More advanced models exist. Such models may include not only temperature but also radiation, precipitation and or temporal lags or so-called chilling requirements, frost during the preceding winter months. For an overview of these more advanced models I refer to Basler (2016) and Hufkens et al. (2018).

6.4 Spatial scaling

With a basic model parameterized you can explore if and how the relationship between observed and predicted values scale across a larger landscape. I will use DAYMET raster data to scale the results spatially (relying on the same driver data as used during parameterization). First I download both minimum and maximum temperature data and average them to a mean daily value (as previously used), using the daymetr R package (Hufkens et al. 2018).

library(daymetr)

# Download daily data
daymetr::download_daymet_tiles(
  tiles = 11935,
  start = 2012,
  end = 2012,
  param = c("tmin","tmax"),
  path = paste0(here::here(), "/data-raw/"),
  silent = TRUE
  )

# calculate the daily mean values
r <- daymetr::daymet_grid_tmean(
  path = paste0(here::here(), "/data-raw/"),
  product = 11935,
  year = 2012,
  internal = TRUE
)

For convenience I reproject the data to geographic coordinates and limit the data to the first 180 days (layers) of the dataset to reduce the memory footprint of the calculations.

# reproject to lat lon
r <- terra::project(
  r,
  "+init=epsg:4326"
)

# subset to first 180 days
ma_nh_temp <- terra::subset(
  r,
  1:180
)

One can then apply the model to this raster (cube) using the the terra::app() function and an appropriately formulated function, i.e. our growing degree day model gdd_model().
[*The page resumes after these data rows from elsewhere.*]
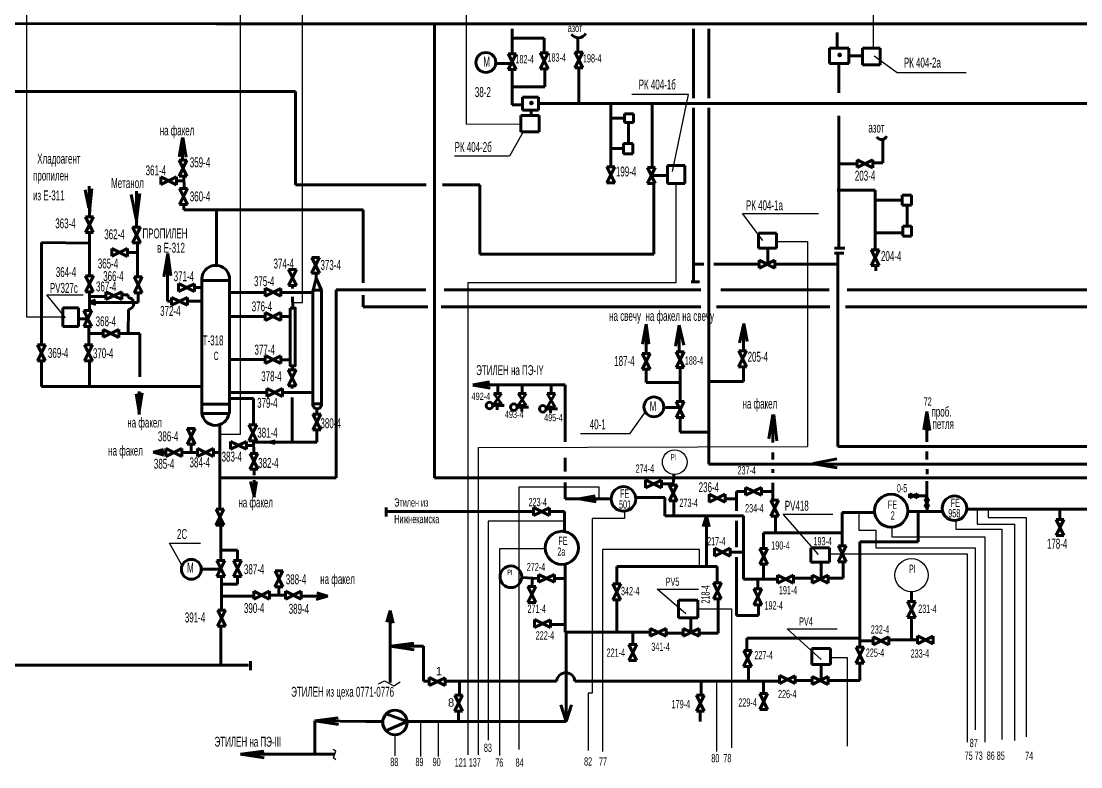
# Model space of a CAD drawing. Extents: x 0 to 3219, y 0 to 555.
# Drawn here: x 1333.8 to 1653.7, y 199.1 to 424.3 of the extents above; entities that cross this region are included whole.
import ezdxf

# ---------------------------------------------------------------- set-up
doc = ezdxf.new("R2010")
doc.units = 0
doc.header["$MEASUREMENT"] = 0
doc.layers.add('1', color=7, linetype='CONTINUOUS')
doc.layers.add('2', color=7, linetype='CONTINUOUS')
doc.styles.add('1', font='MDM_Win.shx', dxfattribs={"width": 0.4})
doc.styles.get("Standard").update_dxf_attribs({"font": 'MDM_Win'})
doc.styles.add('стиль1', font='MDM_Win.shx', dxfattribs={"width": 0.5})

msp = doc.modelspace()

# ---------------------------------------------------------------- hatches: boundary and pattern name
at = {"layer": '2', "lineweight": 80}
msp.add_hatch(color=256, dxfattribs=at).paths.add_polyline_path([(1393.78, 274.57), (1392.56, 272.14), (1394.96, 272.14)])

# ---------------------------------------------------------------- linework, layer by layer
at = {"layer": '1', "lineweight": 80}
for p, q in [((1483.16, 414.49), (1480.76, 409.69)), ((1480.8, 414.49), (1483.16, 414.49)), ((1483.16, 409.69), (1480.8, 414.49)), ((1492.84, 414.75), (1490.44, 409.95)), ((1490.49, 414.75), (1492.84, 414.75)), ((1492.84, 409.95), (1490.49, 414.75)), ((1503.3, 415), (1500.9, 410.2)), ((1500.95, 415), (1503.3, 415)), ((1503.3, 410.2), (1500.95, 415)), ((1480.76, 409.69), (1483.16, 409.69)), ((1490.44, 409.95), (1492.84, 409.95)), ((1500.9, 410.2), (1503.3, 410.2)), ((1383.81, 382.29), (1381.41, 377.49)), ((1381.46, 382.29), (1383.81, 382.29)), ((1383.81, 377.49), (1381.46, 382.29)), ((1586.13, 380.09), (1586.13, 382.45)), ((1590.93, 382.45), (1586.13, 380.09)), ((1586.13, 382.45), (1590.93, 380.05)), ((1590.93, 380.05), (1590.93, 382.45)), ((1512.99, 380.33), (1510.59, 375.53)), ((1510.63, 380.33), (1512.99, 380.33)), ((1512.99, 375.53), (1510.63, 380.33)), ((1522.82, 380.08), (1525.18, 375.28)), ((1525.22, 380.08), (1522.82, 380.08)), ((1522.82, 375.28), (1525.22, 380.08)), ((1375.88, 374.98), (1375.88, 377.33)), ((1380.68, 377.33), (1375.88, 374.98)), ((1375.88, 377.33), (1380.68, 374.93)), ((1380.68, 374.93), (1380.68, 377.33)), ((1381.41, 377.49), (1383.81, 377.49)), ((1510.59, 375.53), (1512.99, 375.53)), ((1525.18, 375.28), (1522.82, 375.28)), ((1383.92, 373.75), (1381.52, 368.95)), ((1381.57, 373.75), (1383.92, 373.75)), ((1383.92, 368.95), (1381.57, 373.75)), ((1381.52, 368.95), (1383.92, 368.95)), ((1353.15, 365.25), (1355.5, 360.45)), ((1355.55, 365.25), (1353.15, 365.25)), ((1353.15, 360.45), (1355.55, 365.25)), ((1367.39, 362.13), (1369.74, 357.33)), ((1369.79, 362.13), (1367.39, 362.13)), ((1367.39, 357.33), (1369.79, 362.13)), ((1355.5, 360.45), (1353.15, 360.45)), ((1361.09, 353.31), (1361.09, 355.66)), ((1365.89, 355.66), (1361.09, 353.31)), ((1361.09, 355.66), (1365.89, 353.26)), ((1365.89, 353.26), (1365.89, 355.66)), ((1369.74, 357.33), (1367.39, 357.33)), ((1592.78, 355.29), (1590.38, 350.49)), ((1590.42, 355.29), (1592.78, 355.29)), ((1592.78, 350.49), (1590.42, 355.29)), ((1423.85, 352.96), (1421.45, 348.16)), ((1421.5, 352.96), (1423.85, 352.96)), ((1423.85, 348.16), (1421.5, 352.96)), ((1556.55, 349.75), (1556.55, 352.11)), ((1561.35, 352.11), (1556.55, 349.75)), ((1556.55, 352.11), (1561.35, 349.71)), ((1561.35, 349.71), (1561.35, 352.11)), ((1416.84, 349.32), (1414.44, 344.52)), ((1414.49, 349.32), (1416.84, 349.32)), ((1416.84, 344.52), (1414.49, 349.32)), ((1590.38, 350.49), (1592.78, 350.49)), ((1353.15, 347.38), (1355.5, 342.58)), ((1355.55, 347.38), (1353.15, 347.38)), ((1353.15, 342.58), (1355.55, 347.38)), ((1367.9, 347.12), (1370.25, 342.32)), ((1370.3, 347.12), (1367.9, 347.12)), ((1367.9, 342.32), (1370.3, 347.12)), ((1421.45, 348.16), (1423.85, 348.16)), ((1355.5, 342.58), (1353.15, 342.58)), ((1359.33, 340.27), (1359.33, 342.62)), ((1364.13, 342.62), (1359.33, 340.27)), ((1359.33, 342.62), (1364.13, 340.22)), ((1364.13, 340.22), (1364.13, 342.62)), ((1381.25, 345.07), (1381.25, 342.67)), ((1386.05, 342.67), (1381.25, 345.07)), ((1381.25, 342.67), (1386.05, 345.02)), ((1386.05, 345.02), (1386.05, 342.67)), ((1407.38, 343.63), (1407.38, 341.23)), ((1412.18, 341.23), (1407.38, 343.63)), ((1407.38, 341.23), (1412.18, 343.59)), ((1412.18, 343.59), (1412.18, 341.23)), ((1414.44, 344.52), (1416.84, 344.52)), ((1370.25, 342.32), (1367.9, 342.32)), ((1379.17, 340.91), (1379.17, 338.51)), ((1383.97, 338.51), (1379.17, 340.91)), ((1379.17, 338.51), (1383.97, 340.86)), ((1383.97, 340.86), (1383.97, 338.51)), ((1352.64, 336.95), (1355, 332.15)), ((1355.04, 336.95), (1352.64, 336.95)), ((1352.64, 332.15), (1355.04, 336.95)), ((1407.38, 336.36), (1407.38, 333.96)), ((1412.18, 333.96), (1407.38, 336.36)), ((1407.38, 333.96), (1412.18, 336.31)), ((1412.18, 336.31), (1412.18, 333.96)), ((1355, 332.15), (1352.64, 332.15)), ((1358.46, 328.87), (1358.46, 331.22)), ((1363.26, 331.22), (1358.46, 328.87)), ((1358.46, 331.22), (1363.26, 328.82)), ((1363.26, 328.82), (1363.26, 331.22)), ((1338.66, 326.53), (1341.01, 321.73)), ((1341.06, 326.53), (1338.66, 326.53)), ((1338.66, 321.73), (1341.06, 326.53)), ((1352.9, 326.53), (1355.25, 321.73)), ((1355.3, 326.53), (1352.9, 326.53)), ((1352.9, 321.73), (1355.3, 326.53)), ((1407.38, 323.31), (1407.38, 320.91)), ((1412.18, 320.91), (1407.38, 323.31)), ((1407.38, 320.91), (1412.18, 323.26)), ((1412.18, 323.26), (1412.18, 320.91)), ((1521.29, 323.98), (1523.65, 319.18)), ((1523.69, 323.98), (1521.29, 323.98)), ((1521.29, 319.18), (1523.69, 323.98)), ((1531.49, 324.49), (1533.84, 319.69)), ((1533.89, 324.49), (1531.49, 324.49)), ((1531.49, 319.69), (1533.89, 324.49)), ((1552.76, 324.75), (1550.36, 319.95)), ((1550.41, 324.75), (1552.76, 324.75)), ((1552.76, 319.95), (1550.41, 324.75)), ((1341.01, 321.73), (1338.66, 321.73)), ((1355.25, 321.73), (1352.9, 321.73)), ((1550.36, 319.95), (1552.76, 319.95)), ((1416.75, 319.01), (1414.35, 314.21)), ((1414.4, 319.01), (1416.75, 319.01)), ((1416.75, 314.21), (1414.4, 319.01)), ((1523.65, 319.18), (1521.29, 319.18)), ((1533.84, 319.69), (1531.49, 319.69)), ((1414.35, 314.21), (1416.75, 314.21)), ((1407.89, 313.38), (1407.89, 310.98)), ((1412.69, 310.98), (1407.89, 313.38)), ((1407.89, 310.98), (1412.69, 313.33)), ((1412.69, 313.33), (1412.69, 310.98)), ((1476.42, 311.83), (1478.83, 308.62)), ((1478.82, 311.83), (1476.42, 311.83)), ((1476.47, 308.62), (1478.82, 311.83)), ((1483.83, 311.83), (1486.18, 308.2)), ((1486.23, 311.83), (1483.83, 311.83)), ((1483.83, 308.2), (1486.23, 311.83)), ((1492.59, 311.84), (1494.94, 307.76)), ((1494.99, 311.84), (1492.59, 311.84)), ((1492.59, 307.76), (1494.99, 311.84)), ((1478.83, 308.62), (1476.47, 308.62)), ((1486.18, 308.2), (1483.83, 308.2)), ((1494.94, 307.76), (1492.59, 307.76)), ((1531.49, 309.45), (1533.84, 304.65)), ((1533.89, 309.45), (1531.49, 309.45)), ((1531.49, 304.65), (1533.89, 309.45)), ((1424.19, 305.67), (1421.79, 300.87)), ((1421.84, 305.67), (1424.19, 305.67)), ((1424.19, 300.87), (1421.84, 305.67)), ((1533.84, 304.65), (1531.49, 304.65)), ((1386.25, 301.32), (1383.85, 296.52)), ((1383.9, 301.32), (1386.25, 301.32)), ((1386.25, 296.52), (1383.9, 301.32)), ((1404.88, 302.37), (1402.48, 297.57)), ((1402.53, 302.37), (1404.88, 302.37)), ((1404.88, 297.57), (1402.53, 302.37)), ((1421.79, 300.87), (1424.19, 300.87)), ((1402.48, 297.57), (1404.88, 297.57)), ((1377.45, 292.87), (1377.45, 295.22)), ((1382.25, 295.22), (1377.45, 292.87)), ((1377.45, 295.22), (1382.25, 292.82)), ((1382.25, 292.82), (1382.25, 295.22)), ((1383.85, 296.52), (1386.25, 296.52)), ((1387, 292.87), (1387, 295.22)), ((1391.8, 295.22), (1387, 292.87)), ((1387, 295.22), (1391.8, 292.82)), ((1391.8, 292.82), (1391.8, 295.22)), ((1396.95, 295.06), (1396.95, 297.41)), ((1401.75, 297.41), (1396.95, 295.06)), ((1396.95, 297.41), (1401.75, 295.01)), ((1401.75, 295.01), (1401.75, 297.41)), ((1405.23, 293.78), (1402.83, 288.98)), ((1402.88, 293.78), (1405.23, 293.78)), ((1405.23, 288.98), (1402.88, 293.78)), ((1402.83, 288.98), (1405.23, 288.98)), ((1522.3, 285.79), (1522.3, 283.39)), ((1527.1, 283.39), (1522.3, 285.79)), ((1522.3, 283.39), (1527.1, 285.74)), ((1527.1, 285.74), (1527.1, 283.39)), ((1531.78, 284.21), (1529.39, 279.41)), ((1529.43, 284.21), (1531.78, 284.21)), ((1531.78, 279.41), (1529.43, 284.21)), ((1552.47, 283.52), (1552.47, 281.12)), ((1557.27, 281.12), (1552.47, 283.52)), ((1552.47, 281.12), (1557.27, 283.47)), ((1557.27, 283.47), (1557.27, 281.12)), ((1529.39, 279.41), (1531.78, 279.41)), ((1541.51, 281.48), (1541.51, 279.08)), ((1546.31, 279.08), (1541.51, 281.48)), ((1541.51, 279.08), (1546.31, 281.43)), ((1546.31, 281.43), (1546.31, 279.08)), ((1562.45, 279.62), (1560.05, 274.82)), ((1560.1, 279.62), (1562.45, 279.62)), ((1562.45, 274.82), (1560.1, 279.62)), ((1601.99, 280.34), (1601.99, 281.52)), ((1604.39, 281.52), (1601.99, 280.34)), ((1601.99, 281.52), (1604.39, 280.32)), ((1604.39, 280.32), (1604.39, 281.52)), ((1607.8, 280.08), (1606.6, 277.68)), ((1606.63, 280.08), (1607.8, 280.08)), ((1607.8, 277.68), (1606.63, 280.08)), ((1394.96, 276.94), (1392.56, 272.14)), ((1392.61, 276.94), (1394.96, 276.94)), ((1394.96, 272.14), (1392.61, 276.94)), ((1488.48, 277.4), (1488.48, 275)), ((1493.28, 275), (1488.48, 277.4)), ((1488.48, 275), (1493.28, 277.35)), ((1493.28, 277.35), (1493.28, 275)), ((1606.6, 277.68), (1607.8, 277.68)), ((1392.56, 272.14), (1394.96, 272.14)), ((1560.05, 274.82), (1562.45, 274.82)), ((1582.84, 265.85), (1580.44, 261.05)), ((1580.49, 265.85), (1582.84, 265.85)), ((1582.84, 261.05), (1580.49, 265.85)), ((1543.04, 265.16), (1543.04, 262.76)), ((1547.84, 262.76), (1543.04, 265.16)), ((1543.04, 262.76), (1547.84, 265.12)), ((1547.84, 265.12), (1547.84, 262.76)), ((1559.13, 265.09), (1556.73, 260.29)), ((1556.78, 265.09), (1559.13, 265.09)), ((1559.13, 260.29), (1556.78, 265.09)), ((1395.22, 261.43), (1392.82, 256.63)), ((1392.87, 261.43), (1395.22, 261.43)), ((1395.22, 256.63), (1392.87, 261.43)), ((1400.23, 261.43), (1397.83, 256.63)), ((1397.88, 261.43), (1400.23, 261.43)), ((1400.23, 256.63), (1397.88, 261.43)), ((1556.73, 260.29), (1559.13, 260.29)), ((1580.44, 261.05), (1582.84, 261.05)), ((1392.82, 256.63), (1395.22, 256.63)), ((1397.83, 256.63), (1400.23, 256.63)), ((1412.76, 258.26), (1410.36, 253.46)), ((1410.41, 258.26), (1412.76, 258.26)), ((1412.76, 253.46), (1410.41, 258.26)), ((1489.97, 257.24), (1489.97, 254.84)), ((1494.77, 254.84), (1489.97, 257.24)), ((1489.97, 254.84), (1494.77, 257.19)), ((1494.77, 257.19), (1494.77, 254.84)), ((1562.16, 257.01), (1562.16, 254.61)), ((1566.96, 254.61), (1562.16, 257.01)), ((1562.16, 254.61), (1566.96, 256.96)), ((1566.96, 256.96), (1566.96, 254.61)), ((1572.62, 257.01), (1572.62, 254.61)), ((1577.42, 254.61), (1572.62, 257.01)), ((1572.62, 254.61), (1577.42, 256.96)), ((1577.42, 256.96), (1577.42, 254.61)), ((1410.36, 253.46), (1412.76, 253.46)), ((1486.75, 253.56), (1489.1, 248.76)), ((1489.15, 253.56), (1486.75, 253.56)), ((1486.75, 248.76), (1489.15, 253.56)), ((1512.37, 254.38), (1514.72, 249.58)), ((1514.77, 254.38), (1512.37, 254.38)), ((1512.37, 249.58), (1514.77, 254.38)), ((1542.77, 254.64), (1545.13, 249.84)), ((1545.17, 254.64), (1542.77, 254.64)), ((1542.77, 249.84), (1545.17, 254.64)), ((1557.35, 252.85), (1554.95, 248.05)), ((1555, 252.85), (1557.35, 252.85)), ((1557.35, 248.05), (1555, 252.85)), ((1403.96, 249.8), (1403.96, 252.16)), ((1408.76, 252.16), (1403.96, 249.8)), ((1403.96, 252.16), (1408.76, 249.76)), ((1408.76, 249.76), (1408.76, 252.16)), ((1413.51, 249.8), (1413.51, 252.16)), ((1418.31, 252.16), (1413.51, 249.8)), ((1413.51, 252.16), (1418.31, 249.76)), ((1418.31, 249.76), (1418.31, 252.16)), ((1514.72, 249.58), (1512.37, 249.58)), ((1545.13, 249.84), (1542.77, 249.84)), ((1395.47, 246.43), (1393.07, 241.63)), ((1393.12, 246.43), (1395.47, 246.43)), ((1395.47, 241.63), (1393.12, 246.43)), ((1489.1, 248.76), (1486.75, 248.76)), ((1554.95, 248.05), (1557.35, 248.05)), ((1603.75, 249.03), (1601.35, 244.23)), ((1601.4, 249.03), (1603.75, 249.03)), ((1603.75, 244.23), (1601.4, 249.03)), ((1488.73, 243.61), (1488.73, 241.21)), ((1493.53, 241.21), (1488.73, 243.61)), ((1488.73, 241.21), (1493.53, 243.56)), ((1493.53, 243.56), (1493.53, 241.21)), ((1601.35, 244.23), (1603.75, 244.23)), ((1393.07, 241.63), (1395.47, 241.63)), ((1523.66, 240.94), (1523.66, 238.54)), ((1528.46, 238.54), (1523.66, 240.94)), ((1523.66, 238.54), (1528.46, 240.9)), ((1528.46, 240.9), (1528.46, 238.54)), ((1533.61, 240.94), (1533.61, 238.54)), ((1538.41, 238.54), (1533.61, 240.94)), ((1533.61, 238.54), (1538.41, 240.9)), ((1538.41, 240.9), (1538.41, 238.54)), ((1590.97, 238.39), (1590.97, 235.99)), ((1595.77, 235.99), (1590.97, 238.39)), ((1590.97, 235.99), (1595.77, 238.35)), ((1595.77, 238.35), (1595.77, 235.99)), ((1604.34, 238.66), (1604.34, 236.26)), ((1609.14, 236.26), (1604.34, 238.66)), ((1604.34, 236.26), (1609.14, 238.61)), ((1609.14, 238.61), (1609.14, 236.26)), ((1517.22, 236.02), (1519.57, 231.22)), ((1519.62, 236.02), (1517.22, 236.02)), ((1517.22, 231.22), (1519.62, 236.02)), ((1554.29, 234.24), (1551.89, 229.44)), ((1551.94, 234.24), (1554.29, 234.24)), ((1554.29, 229.44), (1551.94, 234.24)), ((1588.2, 235.26), (1585.8, 230.46)), ((1585.85, 235.26), (1588.2, 235.26)), ((1588.2, 230.46), (1585.85, 235.26)), ((1519.57, 231.22), (1517.22, 231.22)), ((1585.8, 230.46), (1588.2, 230.46)), ((1551.89, 229.44), (1554.29, 229.44)), ((1456.95, 226.07), (1456.95, 223.67)), ((1461.75, 223.67), (1456.95, 226.07)), ((1456.95, 223.67), (1461.75, 226.02)), ((1461.75, 226.02), (1461.75, 223.67)), ((1562.67, 226.67), (1562.67, 224.27)), ((1567.47, 224.27), (1562.67, 226.67)), ((1562.67, 224.27), (1567.47, 226.62)), ((1567.47, 226.62), (1567.47, 224.27)), ((1572.62, 226.41), (1572.62, 224.01)), ((1577.42, 224.01), (1572.62, 226.41)), ((1572.62, 224.01), (1577.42, 226.36)), ((1577.42, 226.36), (1577.42, 224.01)), ((1559.13, 221.24), (1556.73, 216.44)), ((1556.78, 221.24), (1559.13, 221.24)), ((1559.13, 216.44), (1556.78, 221.24)), ((1467.01, 220.73), (1464.61, 215.93)), ((1464.66, 220.73), (1467.01, 220.73)), ((1467.01, 215.93), (1464.66, 220.73)), ((1540.01, 220.73), (1537.61, 215.93)), ((1537.66, 220.73), (1540.01, 220.73)), ((1540.01, 215.93), (1537.66, 220.73)), ((1464.61, 215.93), (1467.01, 215.93)), ((1537.61, 215.93), (1540.01, 215.93)), ((1556.73, 216.44), (1559.13, 216.44))]:
    msp.add_line(p, q, dxfattribs=at)
at = {"layer": '1', "color": 0, "lineweight": 80}
for p, q in [((1648.6, 273.83), (1646.2, 269.03)), ((1646.25, 273.83), (1648.6, 273.83)), ((1648.6, 269.03), (1646.25, 273.83)), ((1646.2, 269.03), (1648.6, 269.03))]:
    msp.add_line(p, q, dxfattribs=at)
at = {"layer": '2', "lineweight": 30}
for p, q in [((1335.42, 334.92), (1335.42, 529.74)), ((1399.98, 299.6), (1399.98, 528.15)), ((1418.69, 339.38), (1418.69, 528.21)), ((1468.19, 393.23), (1468.19, 528.71)), ((1591.08, 416.17), (1591.08, 456.46)), ((1591.33, 413.88), (1598.22, 408.78)), ((1598.22, 408.78), (1619.12, 408.78)), ((1535.24, 402.15), (1518.16, 402.15)), ((1530.4, 378.95), (1535.24, 402.15)), ((1485.27, 390.93), (1481.19, 383.54)), ((1481.19, 383.54), (1464.62, 383.54)), ((1531.42, 375.25), (1531.42, 345.3)), ((1557.68, 358.04), (1551.56, 366.2)), ((1551.56, 366.2), (1574.51, 366.2)), ((1561.76, 357.79), (1571.19, 357.79)), ((1571.19, 357.79), (1571.19, 295.83)), ((1531.42, 345.3), (1468.6, 345.3)), ((1468.6, 345.3), (1468.6, 202.77)), ((1347.11, 334.67), (1341.51, 341.66)), ((1341.51, 341.66), (1352.44, 341.66)), ((1415.72, 339.38), (1418.69, 339.38)), ((1346.34, 334.92), (1335.42, 334.92)), ((1522.16, 306.38), (1517.4, 299.66)), ((1393.76, 299.6), (1399.98, 299.6)), ((1517.4, 299.66), (1502.61, 299.66)), ((1471.76, 295.58), (1571.19, 295.83)), ((1471.76, 295.58), (1471.76, 202.77)), ((1508.22, 283.6), (1484, 283.6)), ((1484, 283.6), (1484, 204.3)), ((1508.22, 280.28), (1508.22, 283.6)), ((1515.87, 276.34), (1515.87, 274.16)), ((1574.51, 263.2), (1563.8, 275.44)), ((1563.8, 275.44), (1578.84, 275.44)), ((1515.87, 274.16), (1506.18, 274.16)), ((1506.18, 274.16), (1506.18, 221.39)), ((1596.68, 271.46), (1596.68, 268.55)), ((1382.58, 259.53), (1378.51, 266.65)), ((1378.51, 266.65), (1387.92, 266.65)), ((1596.68, 268.55), (1624.73, 268.55)), ((1492.01, 264.98), (1478.13, 264.98)), ((1478.13, 264.98), (1478.13, 202.52)), ((1538.56, 264.73), (1509.24, 264.73)), ((1509.24, 264.73), (1509.24, 203.79)), ((1538.56, 259.63), (1538.56, 264.73)), ((1577.82, 263.45), (1619.38, 263.45)), ((1534.48, 245.35), (1525.81, 252.75)), ((1525.81, 252.75), (1538.3, 252.75)), ((1538.05, 246.88), (1548.25, 246.88)), ((1548.25, 246.88), (1548.25, 204.81)), ((1575.27, 231.58), (1565.07, 240.76)), ((1565.07, 240.76), (1580.11, 240.76)), ((1578.08, 232.09), (1583.17, 232.09)), ((1583.17, 232.09), (1583.17, 205.32)), ((1543.66, 224.96), (1543.66, 203.79)), ((1506.18, 221.39), (1504.9, 221.39)), ((1504.9, 221.39), (1504.9, 204.05))]:
    msp.add_line(p, q, dxfattribs=at)
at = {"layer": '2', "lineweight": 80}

I refer to the terra::app() for the specifics on how to ensure your functions are compatible with raster processing, but the general rule is that the data argument comes first in the function applied (with all other parameters forwarded by name).

predicted_phenology <- terra::app(
  ma_nh_temp,
  fun = gdd_model,
  par = optim_par
)

Plotting these results show a diverse response across the landscape, with higher elevation locations in the north west of the scene having a later leaf out date (in DOY) then coastal or urban areas (i.e. the greater Boston areas south east in the scene). This is both a reflection of the lapse rate as discussed in Chapter 4 and the urban heat island effect (Zhang, Friedl, and Schaaf 2004).

Code
library(leaflet)

# set te colour scale manually
pal <- colorNumeric(
  "magma",
  values(predicted_phenology),
  na.color = "transparent"
  )

# build the leaflet map
# using ESRI tile servers
# and the loaded demo raster
leaflet() |> 
  addProviderTiles(providers$Esri.WorldImagery, group = "World Imagery") |>
  addProviderTiles(providers$Esri.WorldTopoMap, group = "World Topo") |>
  addRasterImage(
    predicted_phenology,
    colors = pal,
    opacity = 0.8,
    group = "Phenology model results"
    ) |>
  addLayersControl(
    baseGroups = c("World Imagery","World Topo"),
    position = "topleft",
    options = layersControlOptions(collapsed = FALSE),
    overlayGroups = c("Phenology model results")
    ) |>
  addLegend(
    pal = pal,
    values = values(predicted_phenology),
    title = "DOY")
Figure 6.4: Interactive map of the spatially scaled optimized growing degree model using DAYMET daily mean temperature data for tile 11935, including the greater Boston area in the south-east to the White Mountains in the north-west.